NG41A-1788
Transport and Lagrangian Statistics in Rotating Stratified Turbulence
Transport and Lagrangian Statistics in Rotating Stratified Turbulence
Thursday, 17 December 2015
Poster Hall (Moscone South)
Abstract:
Transport plays a crucial role in geophysical flows, both in theatmosphere and in the ocean. Transport in such flows is ultimately
controlled by small-scale turbulence, although the large scales are
in geostrophic balance between pressure gradient, gravity and Coriolis
forces. As a result of the seemingly random nature of the flow, single
particles are dispersed by the flow and on time scales significantly
longer than the eddy turn-over time, they undergo a diffusive motion
whose diffusion coefficient is the integral of the velocity correlation
function. On intermediate time scales, in homogeneous, isotropic turbuilence
(HIT) the separation between particle pairs has been argued to grow with
time according to the Richardson law: <(Δ x)2(t)> ~ t3, with a
proportionality constant that depends on the initial particle
separation.
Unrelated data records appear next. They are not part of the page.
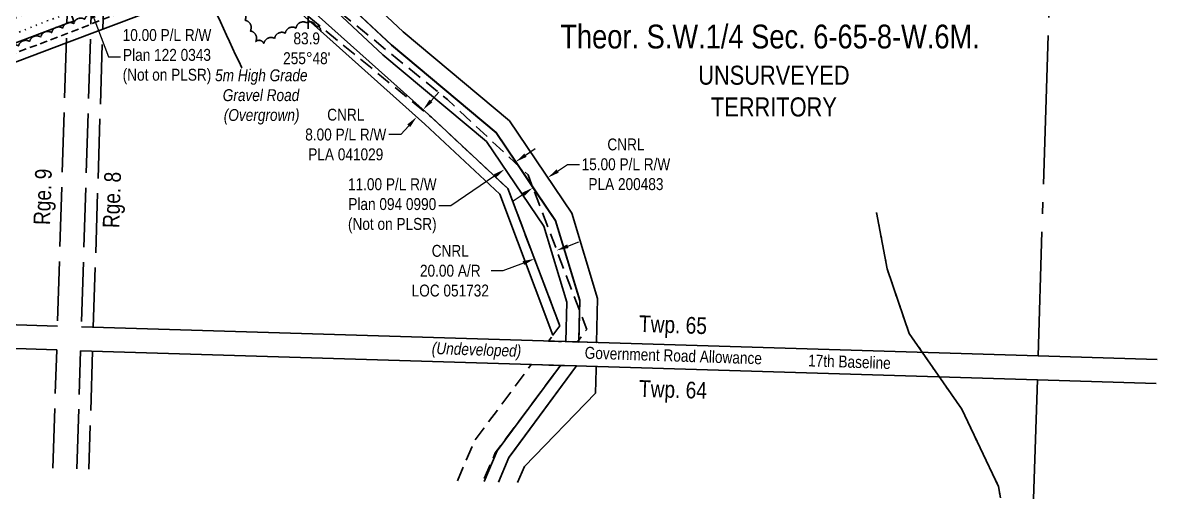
# Model space of a CAD drawing. Extents: x 350972 to 367082, y 6047220 to 6054831.
# Drawn here: x 357239 to 358211, y 6051156 to 6051556 of the extents above; entities that cross this region are included whole.
import ezdxf
from ezdxf.enums import TextEntityAlignment as Align

# ---------------------------------------------------------------- set-up
doc = ezdxf.new("R2010")
doc.units = 0
doc.header["$LTSCALE"] = 5
doc.header["$PDSIZE"] = 0.5
for name, pattern in [('0', [1, 1, 0]), ('foc-ACCESSROAD', [3.75, 2.5, -1.25]), ('foc-QUARTERLINE', [33, 25, -3, 2, -3]), ('foc-TOPO', [1, 0.2, -0.8]), ('foc-UNSURVEYED', [12.5, 10, -2.5]), ('foc-WHEELTRACKS', [2, 0.4, -1.6]), ('UG_PIPE', [1.875, 1.25, -0.625])]:
    doc.linetypes.add(name, pattern=pattern)
doc.layers.get('Defpoints').update_dxf_attribs({"color": 9})
for name, color, linetype in [('AS-PIPE-UG', 44, 'UG_PIPE'), ('C-AR', 13, 'foc-ACCESSROAD'), ('C-RW', 13, 'Continuous'), ('C-SYMBOL', 7, 'Continuous'), ('D-TXT', 6, 'Continuous'), ('DAB_APPL', 7, 'Continuous'), ('L-BD1', 253, 'Continuous'), ('L-QSEC', 8, 'foc-QUARTERLINE'), ('L-ROAD-T', 7, 'Continuous'), ('L-SEC', 7, 'Continuous'), ('L-UNS-T', 3, 'Continuous'), ('L-USEC', 7, 'foc-UNSURVEYED'), ('T-BUSH', 110, '0'), ('T-GENERAL', 48, 'foc-TOPO'), ('T-WATER-P3', 160, 'foc-WHEELTRACKS')]:
    doc.layers.add(name, color=color, linetype=linetype)
for name, color, linetype, lineweight in [('C-AR-T', 13, 'Continuous', 9), ('C-RW-T', 13, 'Continuous', 9), ('T-TEXT', 48, 'Continuous', 18)]:
    doc.layers.add(name, color=color, linetype=linetype, lineweight=lineweight)
doc.styles.add('175L', font='ARIALN.TTF', dxfattribs={"height": 20})
doc.styles.add('80CG', font='ARIALN.TTF', dxfattribs={"height": 10})
doc.styles.add('80L', font='ARIALN.TTF', dxfattribs={"height": 10})
doc.styles.add('80LS', font='ARIALNI.TTF', dxfattribs={"height": 10})
doc.styles.add('foc-LtypeFont', font='ARIALN.TTF', dxfattribs={"height": 7.35})
doc.styles.get("Standard").update_dxf_attribs({"font": 'ARIALN.TTF'})
doc.linetypes.add('foc-TOPO-flowdirection-NOLINE', pattern='A,0,[">",foc-LtypeFont,S=0.3,R=0,X=0,Y=-0.945],-20,[">",foc-LtypeFont,S=0.3,R=0,X=0,Y=-0.945],0', length=20)
doc.dimstyles.new('Compass 5 000', dxfattribs={"dimscale": 5, "dimtxt": 9, "dimasz": 2, "dimexe": 0.2, "dimexo": 0.0625, "dimgap": 0.5, "dimtad": 0, "dimtih": 1, "dimtoh": 1, "dimzin": 0, "dimdsep": 46, "dimtxsty": '80CG', "dimcen": 0.1, "dimse1": 1, "dimse2": 1, "dimclrd": 256, "dimclrt": 256, "dimaunit": 1, "dimadec": 4, "dimazin": 0, "dimtfac": 0.06, "dimtofl": 0, "dimtmove": 0, "dimatfit": 1, "dimfxl": 0.2, "dimtolj": 1, "dimtzin": 0, "dimlwd": -1, "dimarcsym": 0})

# ---------------------------------------------------------------- blocks, each defined once
blk = doc.blocks.new('*D424')
at = {"layer": 'C-AR-T', "transparency": 16777216}
for p, q in [((357696.6, 6051368.34), (357705.95, 6051371.88)), ((357659.2, 6051354.17), (357642.06, 6051347.68)), ((357642.06, 6051347.68), (357632.06, 6051347.68))]:
    blk.add_line(p, q, dxfattribs=at)
for points in [[(357696.01, 6051369.9), (357697.19, 6051366.78), (357687.25, 6051364.8)], [(357658.61, 6051355.73), (357659.79, 6051352.61), (357668.55, 6051357.71)]]:
    blk.add_solid(points, dxfattribs=at)
at = {"layer": 'Defpoints', "color": 0, "transparency": 16777216}
for p in [(357679.95, 6051384.06), (357661.25, 6051376.98), (357668.55, 6051357.71)]:
    blk.add_point(p, dxfattribs=at)
at = {"layer": 'C-AR-T', "transparency": 16777216, "insert": (357597.79, 6051347.68), "char_height": 10, "attachment_point": 5, "style": '80CG'}
blk.add_mtext('\\A1;CNRL\\P20.00 A/R\\PLOC 051732', dxfattribs=at)
blk = doc.blocks.new('*D428')
at = {"layer": 'C-RW-T', "transparency": 16777216}
for p, q in [((357688.04, 6051431.47), (357696.33, 6051437.08)), ((357696.33, 6051437.08), (357706.33, 6051437.08)), ((357659.06, 6051411.86), (357650.78, 6051406.26))]:
    blk.add_line(p, q, dxfattribs=at)
for points in [[(357687.11, 6051432.85), (357688.98, 6051430.09), (357679.76, 6051425.87)], [(357658.13, 6051413.24), (357659.99, 6051410.48), (357667.34, 6051417.47)]]:
    blk.add_solid(points, dxfattribs=at)
at = {"layer": 'Defpoints', "color": 0, "transparency": 16777216}
for p in [(357654.97, 6051462.51), (357642.55, 6051454.11), (357679.76, 6051425.87)]:
    blk.add_point(p, dxfattribs=at)
at = {"layer": 'C-RW-T', "transparency": 16777216, "insert": (357745.41, 6051437.08), "char_height": 10, "attachment_point": 5, "style": '80CG'}
blk.add_mtext('\\A1;CNRL\\P15.00 P/L R/W\\PPLA 200483', dxfattribs=at)
blk = doc.blocks.new('*D582')
at = {"layer": 'C-RW-T', "transparency": 16777216}
for p, q in [((357581.61, 6051490.36), (357588.28, 6051497.81)), ((357562.93, 6051469.51), (357556.26, 6051462.06)), ((357556.26, 6051462.06), (357546.26, 6051462.06))]:
    blk.add_line(p, q, dxfattribs=at)
for points in [[(357580.37, 6051491.47), (357582.85, 6051489.25), (357574.94, 6051482.91)], [(357561.69, 6051470.62), (357564.17, 6051468.4), (357569.6, 6051476.96)]]:
    blk.add_solid(points, dxfattribs=at)
at = {"layer": 'Defpoints', "color": 0, "transparency": 16777216}
for p in [(357569.28, 6051477.25), (357569.6, 6051476.96), (357574.61, 6051483.2)]:
    blk.add_point(p, dxfattribs=at)
at = {"layer": 'C-RW-T', "transparency": 16777216, "insert": (357509.97, 6051462.06), "char_height": 10, "attachment_point": 5, "style": '80CG'}
blk.add_mtext('\\A1;CNRL\\P8.00 P/L R/W^JPLA 041029', dxfattribs=at)
blk = doc.blocks.new('*D583')
at = {"layer": 'C-RW-T', "transparency": 16777216}
for p, q in [((357660.98, 6051444.72), (357669.26, 6051450.32)), ((357635.31, 6051427.35), (357598.15, 6051402.21)), ((357598.15, 6051402.21), (357588.15, 6051402.21))]:
    blk.add_line(p, q, dxfattribs=at)
for points in [[(357660.05, 6051446.1), (357661.91, 6051443.34), (357652.7, 6051439.11)], [(357634.37, 6051428.73), (357636.24, 6051425.97), (357643.59, 6051432.95)]]:
    blk.add_solid(points, dxfattribs=at)
at = {"layer": 'Defpoints', "color": 0, "transparency": 16777216}
for p in [(357643.59, 6051432.95), (357658.39, 6051430.69), (357649.29, 6051424.53)]:
    blk.add_point(p, dxfattribs=at)
at = {"layer": 'C-RW-T', "transparency": 16777216, "insert": (357549.06, 6051402.21), "char_height": 10, "attachment_point": 5, "style": '80CG'}
blk.add_mtext('\\A1;11.00 P/L R/W\\PPlan 094 0990\\P(Not on PLSR)', dxfattribs=at)
blk = doc.blocks.new('*D584')
at = {"layer": 'C-RW-T', "transparency": 16777216}
for p, q in [((357287.62, 6051588.02), (357284.06, 6051597.37)), ((357298.29, 6051559.99), (357310.65, 6051527.51)), ((357310.65, 6051527.51), (357320.65, 6051527.51))]:
    blk.add_line(p, q, dxfattribs=at)
for points in [[(357289.18, 6051588.61), (357286.06, 6051587.43), (357291.18, 6051578.68)], [(357299.85, 6051560.58), (357296.73, 6051559.39), (357294.73, 6051569.33)]]:
    blk.add_solid(points, dxfattribs=at)
at = {"layer": 'Defpoints', "color": 0, "transparency": 16777216}
for p in [(357288.05, 6051577.49), (357291.6, 6051568.14), (357294.73, 6051569.33)]:
    blk.add_point(p, dxfattribs=at)
at = {"layer": 'C-RW-T', "transparency": 16777216, "insert": (357359.73, 6051527.51), "char_height": 10, "attachment_point": 5, "style": '80CG'}
blk.add_mtext('\\A1;10.00 P/L R/W\\PPlan 122 0343\\P(Not on PLSR)', dxfattribs=at)

msp = doc.modelspace()

# ---------------------------------------------------------------- linework, layer by layer
at = {"layer": 'AS-PIPE-UG', "flags": 128}
msp.add_lwpolyline([(357138.838, 6051496.259), (357156.369, 6051501.897), (357188.179, 6051514.02), (357226.814, 6051528.527), (357258.192, 6051540.265), (357318.989, 6051563.769), (357367.695, 6051581.993), (357415.33, 6051599.977), (357418.264, 6051601.341)], dxfattribs=at)
at = {"layer": 'C-AR', "flags": 128}
msp.add_lwpolyline([(357688.871, 6051288.406), (357680.378, 6051288.664), (357684.032, 6051293.613), (357689.856, 6051301.473), (357646.199, 6051416.719), (357581.881, 6051476.699), (357472.842, 6051565.841), (357469.335, 6051577.379), (357466.726, 6051585.638), (357473.483, 6051587.349), (357486.142, 6051590.552), (357490.402, 6051576.758), (357595.371, 6051491.459), (357663.246, 6051428.163), (357712.426, 6051298.336), (357704.724, 6051287.923), (357688.871, 6051288.406)], close=True, dxfattribs=at)
msp.add_lwpolyline([(357603.745, 6051171.329), (357618.206, 6051204.776), (357665.792, 6051268.989), (357690.41, 6051268.24), (357635.647, 6051194.722), (357625.242, 6051170.653)], dxfattribs=at)
at = {"layer": 'C-RW', "flags": 128}
for points in [[(358210.919, 6051885.897), (358169.593, 6051882.234), (358110.242, 6051865.82), (358072.612, 6051855.414), (357973.487, 6051859.5), (357899.636, 6051844.501), (357814.394, 6051803.456), (357676.093, 6051708.127), (357547.601, 6051632.657), (357497.456, 6051619.843), (357485.563, 6051616.791), (357468.395, 6051612.424), (357467.489, 6051612.199), (357433.907, 6051603.625), (357427.642, 6051602.025), (357428.892, 6051597.084), (357305.709, 6051550.587), (357275.167, 6051539.058), (357157.312, 6051494.574), (356837.01, 6051392.966), (356522.418, 6051407.225)], [(357522.561, 6051581.877), (357558.311, 6051548.362), (357647.466, 6051473.604), (357699.901, 6051396.1), (357721.658, 6051324.415), (357720.789, 6051287.434), (357705.801, 6051287.89), (357705.837, 6051289.428), (357706.419, 6051314.194), (357706.611, 6051322.362), (357686.211, 6051389.576), (357667.241, 6051417.615), (357654.737, 6051436.097), (357636.223, 6051463.463), (357548.359, 6051537.139), (357509.114, 6051573.929)], [(357159.877, 6051511.57), (357275.677, 6051555.279), (357281.386, 6051557.433)], [(357626.318, 6051170.62), (357637.172, 6051196.407), (357690.41, 6051268.24), (357703.766, 6051267.833), (357647.079, 6051190.875), (357638.23, 6051170.245)], [(357638.235, 6051170.245), (357647.081, 6051190.853), (357648.836, 6051193.26), (357703.766, 6051267.833), (357720.451, 6051267.325), (357720.395, 6051264.931), (357719.925, 6051244.943), (357660.178, 6051183.322), (357654.343, 6051169.739)]]:
    msp.add_lwpolyline(points, dxfattribs=at)
at = {"layer": 'C-RW'}
msp.add_lwpolyline([(357689.856, 6051301.473), (357684.032, 6051293.613), (357639.379, 6051412.141), (357576.483, 6051470.794), (357454.324, 6051580.215), (357455.653, 6051583.442), (357467.489, 6051612.199), (357468.09, 6051613.66), (357469.822, 6051617.854), (357472.202, 6051623.803), (357472.981, 6051625.524), (357475.2, 6051624.611), (357483.316, 6051621.269), (357486.851, 6051619.814), (357485.563, 6051616.791), (357473.483, 6051587.349), (357469.335, 6051577.379), (357581.881, 6051476.699), (357646.199, 6051416.719), (357689.856, 6051301.473)], close=True, dxfattribs=at)
at = {"layer": 'C-RW', "flags": 128}
msp.add_lwpolyline([(357475.342, 6051624.643), (357490.055, 6051576.993), (357541.177, 6051529.172), (357628.205, 6051456.394), (357676.432, 6051385.209), (357695.681, 6051321.386), (357694.904, 6051288.241), (357705.799, 6051287.63), (357706.716, 6051322.903), (357686.225, 6051389.961), (357636.447, 6051463.83), (357548.476, 6051537.4), (357499.798, 6051583.01), (357486.034, 6051627.356)], close=True, dxfattribs=at)
at = {"layer": 'DAB_APPL', "flags": 128}
msp.add_lwpolyline([(357275.677, 6051555.279), (357159.877, 6051511.57), (357113.917, 6051632.903), (357235.464, 6051679.133), (357269.055, 6051590.066), (357270.29, 6051586.799), (357274.411, 6051575.891), (357276.179, 6051571.212), (357281.386, 6051557.433), (357275.677, 6051555.279)], close=True, dxfattribs=at)
at = {"layer": 'L-QSEC', "flags": 128}
for points in [[(358115.698, 6052040.12), (358091.787, 6051276.158)], [(358091.158, 6051256.058), (358088.036, 6051156.107)]]:
    msp.add_lwpolyline(points, dxfattribs=at)
at = {"layer": 'L-SEC', "flags": 128}
for points in [[(356464.313, 6051327.314), (357267.683, 6051301.244)], [(357267.05, 6051281.144), (356463.676, 6051307.213)], [(357287.794, 6051300.632), (358091.787, 6051276.158)], [(358091.158, 6051256.058), (357287.16, 6051280.532)], [(358091.787, 6051276.158), (358191.74, 6051273.116)], [(358191.111, 6051253.016), (358091.158, 6051256.058)]]:
    msp.add_lwpolyline(points, dxfattribs=at)
at = {"layer": 'L-USEC', "flags": 128}
for points in [[(357292.984, 6052105.183), (357267.683, 6051301.244)], [(357313.094, 6052104.55), (357287.793, 6051300.612)], [(357297.834, 6051300.326), (357323.136, 6052104.265)], [(357263.932, 6051182.01), (357267.05, 6051281.144)], [(357284.042, 6051181.378), (357287.16, 6051280.511)], [(357297.201, 6051280.226), (357294.082, 6051181.062)]]:
    msp.add_lwpolyline(points, dxfattribs=at)
at = {"layer": 'T-BUSH', "flags": 128}
msp.add_lwpolyline([(357249.111, 6051822.902, -0.5205671), (357255.485, 6051815.201, -0.5205671), (357261.86, 6051807.5, -0.5205671), (357268.234, 6051799.799, -0.5205671), (357274.608, 6051792.098, -0.5205671), (357280.983, 6051784.398, -0.5205671), (357287.357, 6051776.697, -0.5205671), (357293.732, 6051768.996, -0.5205671), (357300.106, 6051761.295, -0.5205671), (357306.48, 6051753.594, -0.5205671), (357312.855, 6051745.894, -0.5205671), (357319.229, 6051738.193, -0.5205671), (357325.604, 6051730.492, -0.5205671), (357331.978, 6051722.791, -0.5205671), (357338.353, 6051715.09, -0.5205671), (357344.727, 6051707.39, -0.5205671), (357351.101, 6051699.689, -0.5205671), (357357.476, 6051691.988, -0.5205671), (357364.062, 6051684.473, -0.5205671), (357370.886, 6051677.168, -0.5205671), (357377.71, 6051669.863, -0.5205671), (357384.534, 6051662.557, -0.5205671), (357391.358, 6051655.252, -0.5205671), (357398.182, 6051647.947, -0.5205671), (357398.559, 6051639.609, -0.5205671), (357394.356, 6051630.539, -0.5205671), (357388.582, 6051623.17, -0.5205671), (357379.205, 6051619.703, -0.5205671), (357369.829, 6051616.236, -0.5205671), (357360.453, 6051612.769, -0.5205671), (357351.077, 6051609.302, -0.5205671), (357341.7, 6051605.835, -0.5205671), (357332.324, 6051602.368, -0.5205671), (357322.948, 6051598.901, -0.5205671), (357313.571, 6051595.434, -0.5205671), (357304.195, 6051591.967, -0.5205671), (357294.819, 6051588.5, -0.5205671), (357285.216, 6051586.82, -0.5205671), (357275.479, 6051588.707, -0.5205671), (357268.972, 6051595.596, -0.5205671), (357265.541, 6051604.986, -0.5205671), (357262.11, 6051614.375, -0.5205671), (357258.68, 6051623.765, -0.5205671), (357255.249, 6051633.155, -0.5205671), (357251.818, 6051642.544, -0.5205671), (357248.388, 6051651.934, -0.5205671), (357244.957, 6051661.323, -0.5205671), (357241.526, 6051670.713, -0.5205671), (357238.096, 6051680.103, -0.5205671), (357230.756, 6051681.01, -0.5205671), (357221.388, 6051677.519, -0.5205671), (357212.021, 6051674.028, -0.5205671), (357202.653, 6051670.537, -0.5205671), (357193.286, 6051667.046, -0.5205671), (357183.919, 6051663.555, -0.5205671), (357174.551, 6051660.064, -0.5205671), (357165.184, 6051656.573, -0.5205671), (357155.816, 6051653.082, -0.5205671), (357146.449, 6051649.591, -0.5205671), (357137.082, 6051646.1, -0.5205671), (357127.714, 6051642.609, -0.5205671), (357118.347, 6051639.118, -0.5205671), (357108.979, 6051635.627, -0.5205671), (357112.378, 6051626.297, -0.5205671), (357115.863, 6051616.928, -0.5205671), (357119.349, 6051607.558, -0.5205671), (357122.834, 6051598.189, -0.5205671), (357126.319, 6051588.819, -0.5205671), (357129.804, 6051579.449, -0.5205671), (357133.29, 6051570.08, -0.5205671), (357136.775, 6051560.71, -0.5205671), (357140.26, 6051551.341, -0.5205671), (357143.746, 6051541.971, -0.5205671), (357147.231, 6051532.602, -0.5205671), (357150.716, 6051523.232, -0.5205671), (357154.201, 6051513.863, -0.5205671), (357160.796, 6051507.826, -0.5205671), (357170.126, 6051510.32, -0.5205671), (357179.396, 6051514.063, -0.5205671), (357188.665, 6051517.806, -0.5205671), (357197.935, 6051521.549, -0.5205671), (357207.205, 6051525.292, -0.5205671), (357216.474, 6051529.035, -0.5205671), (357225.744, 6051532.778, -0.5205671), (357235.013, 6051536.521, -0.5205671), (357244.283, 6051540.264, -0.5205671), (357253.553, 6051544.006, -0.5205671), (357262.822, 6051547.749, -0.5205671), (357272.092, 6051551.492, -0.5205671), (357281.362, 6051555.235, -0.5205671), (357290.667, 6051558.887, -0.5205671), (357299.992, 6051562.489, -0.5205671), (357309.318, 6051566.091, -0.5205671), (357318.643, 6051569.694, -0.5205671), (357327.968, 6051573.296, -0.5205671), (357337.293, 6051576.898, -0.5205671), (357346.618, 6051580.5, -0.5205671), (357355.944, 6051584.103, -0.5205671), (357365.269, 6051587.705, -0.5205671), (357374.594, 6051591.307, -0.5205671), (357383.919, 6051594.909, -0.5205671), (357393.244, 6051598.512, -0.5205671), (357402.57, 6051602.114, -0.5205671), (357411.895, 6051605.716, -0.5205671), (357421.22, 6051609.318, -0.5205671), (357429.11, 6051611.494, -0.5205671), (357420.469, 6051607.251, -0.5205671), (357411.111, 6051603.736, -0.5205671), (357401.752, 6051600.222, -0.5205671), (357392.393, 6051596.708, -0.5205671), (357393.421, 6051592.85, -0.5205671), (357402.526, 6051588.725, -0.5205671), (357411.632, 6051584.6, -0.5205671), (357416.389, 6051575.96, -0.5205671), (357420.849, 6051567.014, -0.5205671), (357425.309, 6051558.067, -0.5205671), (357429.77, 6051549.121, -0.5205671), (357434.23, 6051540.174, -0.5205671), (357441.17, 6051538.501, -0.5205671), (357450.166, 6051542.86, -0.5205671), (357459.162, 6051547.22, -0.5205671), (357468.158, 6051551.579, -0.5205671), (357477.154, 6051555.938, -0.5205671), (357484.8, 6051553.012, -0.5205671), (357488.933, 6051548.6, -0.5205671)], format="xyb", dxfattribs=at)
at = {"layer": 'T-GENERAL', "flags": 128}
msp.add_lwpolyline([(357302.305, 6051572.571), (357257.298, 6051556.953), (357238.848, 6051549.439), (357214.036, 6051539.976), (357186.076, 6051529.09), (357175.755, 6051524.523), (357172.496, 6051526.585), (357171.899, 6051527.361), (357171.063, 6051529.091), (357171.362, 6051533.864), (357173.75, 6051538.279), (357175.54, 6051539.472), (357180.251, 6051541.406), (357208.476, 6051547.501), (357242.764, 6051565.253), (357262.417, 6051569.041), (357301.81, 6051574.165)], close=True, dxfattribs=at)
at = {"layer": 'T-WATER-P3', "flags": 128}
msp.add_lwpolyline([(357956.029, 6051396.624), (357964.937, 6051349.258), (357983.395, 6051295.131), (358027.603, 6051231.466), (358058.58, 6051166.478), (358060.094, 6051156.985)], dxfattribs=at)
at = {"layer": 'T-WATER-P3', "linetype": 'foc-TOPO-flowdirection-NOLINE', "flags": 128}
msp.add_lwpolyline([(357956.029, 6051396.624), (357964.937, 6051349.258), (357983.395, 6051295.131), (358027.603, 6051231.466), (358058.58, 6051166.478), (358060.094, 6051156.985)], dxfattribs=at)

# ---------------------------------------------------------------- texts
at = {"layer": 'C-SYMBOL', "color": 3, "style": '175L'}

The description of the phenomena associated with
the dispersion of single particles, or of particle pairs, ultimately
rests on relatively simple statistical properties of the flow
velocity transporting the particles, in particular on its temporal
correlation function. In this work, we investigate particle dispersion
in the anisotropic case of rotating stratified turbulence examining whether
the dependence on initial particle separation differs from HIT,
particularly in the presence of an inverse cascade.